Three months after rejecting independence in a historic referendum, the Scottish nation seems as restless as ever. The No campaign, which won by a margin of 55 per cent to 45 over their nationalist rivals in September, had hoped that their victory would bury the spectre of Scottish independence.
Yet, as membership of the Scottish Parliament’s ruling pro-independence Scottish National Party (SNP) closes in on the 100,000 mark – four times what is was on referendum day – opinion polls suggest the party will make considerable gains in next year’s UK general election. Far from being a lost cause, Scottish independence has become a cause not yet won.
Alex Salmond, Scotland’s former first minister and SNP leader, is still at the forefront of the independence charge. If his political opponents hoped that Mr Salmond would fade into the background, then his announcement earlier this month that he will stand as an MP in next year’s Westminster election put paid to any notions of a prolonged personal crisis of confidence.
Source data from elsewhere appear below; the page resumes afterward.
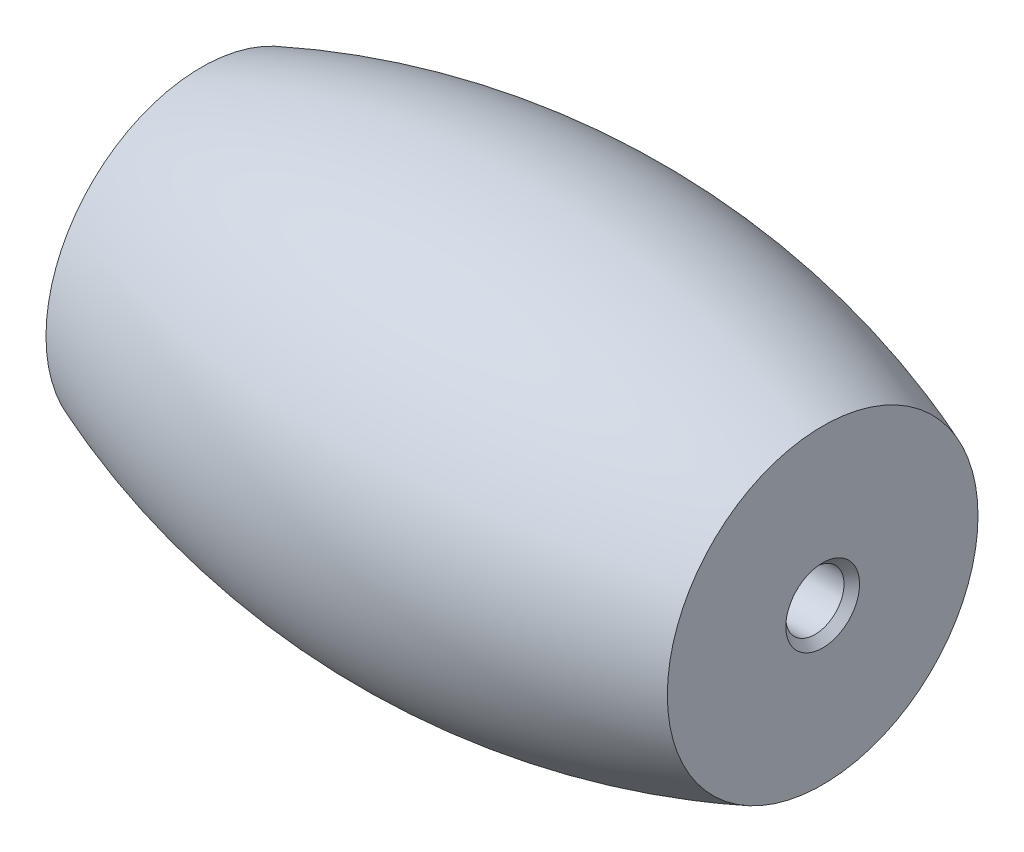
SolidWorks part; units mm, degrees
ref_plane "Alzado" through (0, 0, 0) normal (0, 0, 1) x (1, 0, 0)
ref_plane "Planta" through (0, 0, 0) normal (0, 1, 0) x (1, 0, 0)
ref_plane "Vista lateral" through (0, 0, 0) normal (1, 0, 0) x (0, 0, -1)
sketch "Croquis1" plane through (0, 0, 0) normal (0, 0, 1) x (1, 0, 0)
  line L5 (-8, 16.5798) -> (8, 16.5798) construction
  line L6 (-8, 20.5798) -> (-8, 16.5798)
  line L7 (-8, 16.5798) -> (8, 16.5798)
  line L8 (8, 16.5798) -> (8, 20.5798)
  arc A0 (8, 20.5798) -> (-8, 20.5798) centre (0, 0) ccw
revolve "Revolución1" add sketch "Croquis1" angle 360 about L5
sketch "Croquis2" plane through (-8, 0, 0) normal (-1, 0, 0) x (0, 0, 1)
  circle A0 centre (0, 16.5798) radius 0.75
  dimension "D1" = 1.5
extrude "Cortar-Extruir1" cut sketch "Croquis2" against normal up to surface (16 mm away) up to face at (8, 16.5798, 4)
chamfer "Chaflán1" distance 0.2 angle 45 2 edges at (8, 16.5798, 0.75) (-8, 16.5798, 0.75)

Mr Salmond, who took his country to the brink of statehood, has sensed an opportunity to take the fight for Scottish independence to the heart of the British establishment. Those who fought him during the referendum campaign almost let out a collective groan as Mr Salmond stated his aim to mix it up in parliament in what would be his third stint in Westminster.
With Scotland’s media also taking advantage of the nation’s new-found political landscape – a new pro-independence quality newspaper called (coincidentally) The National, was founded just weeks ago – Mr Salmond is looking to expose a befuddled Unionist alliance that may have won the referendum, but lost large parts of Scotland.
Indeed, as Nicola Sturgeon, Scotland’s new SNP first minister, went on a speaking tour of the nation, pro-Union Scottish Labour were trying to come to terms with the resignation of their own leader and the loss of their core vote. Once loyal voters have drifted away from Labour following the party’s decision to campaign alongside their bitter Conservative rivals in the referendum.
Mr Salmond also knows that while the referendum was lost, the margin of defeat was small.
A hefty loss would almost certainly have consigned the independence debate to the political scrapheap. But, while two million cast their votes in favour of retaining the union, the 1.6 million who voted for a sovereign Scottish nation are showing little sign of quietening down. The former premier will be relying on their support to win a seat in north-east Scotland.
When Mr Salmond announced his intention to step down from the role of first minister in September, he spoke of his plan to “hold Westminster’s feet to the fire” concerning the London-led promise of offering substantial new powers to the Scottish parliament in the event of a No vote.
As these power proposals make their way through the Westminster machinery, the man who is considered one of the most skilful operators in British politics will be itching to ensure that London is always reminded that the future of Scotland is far from settled.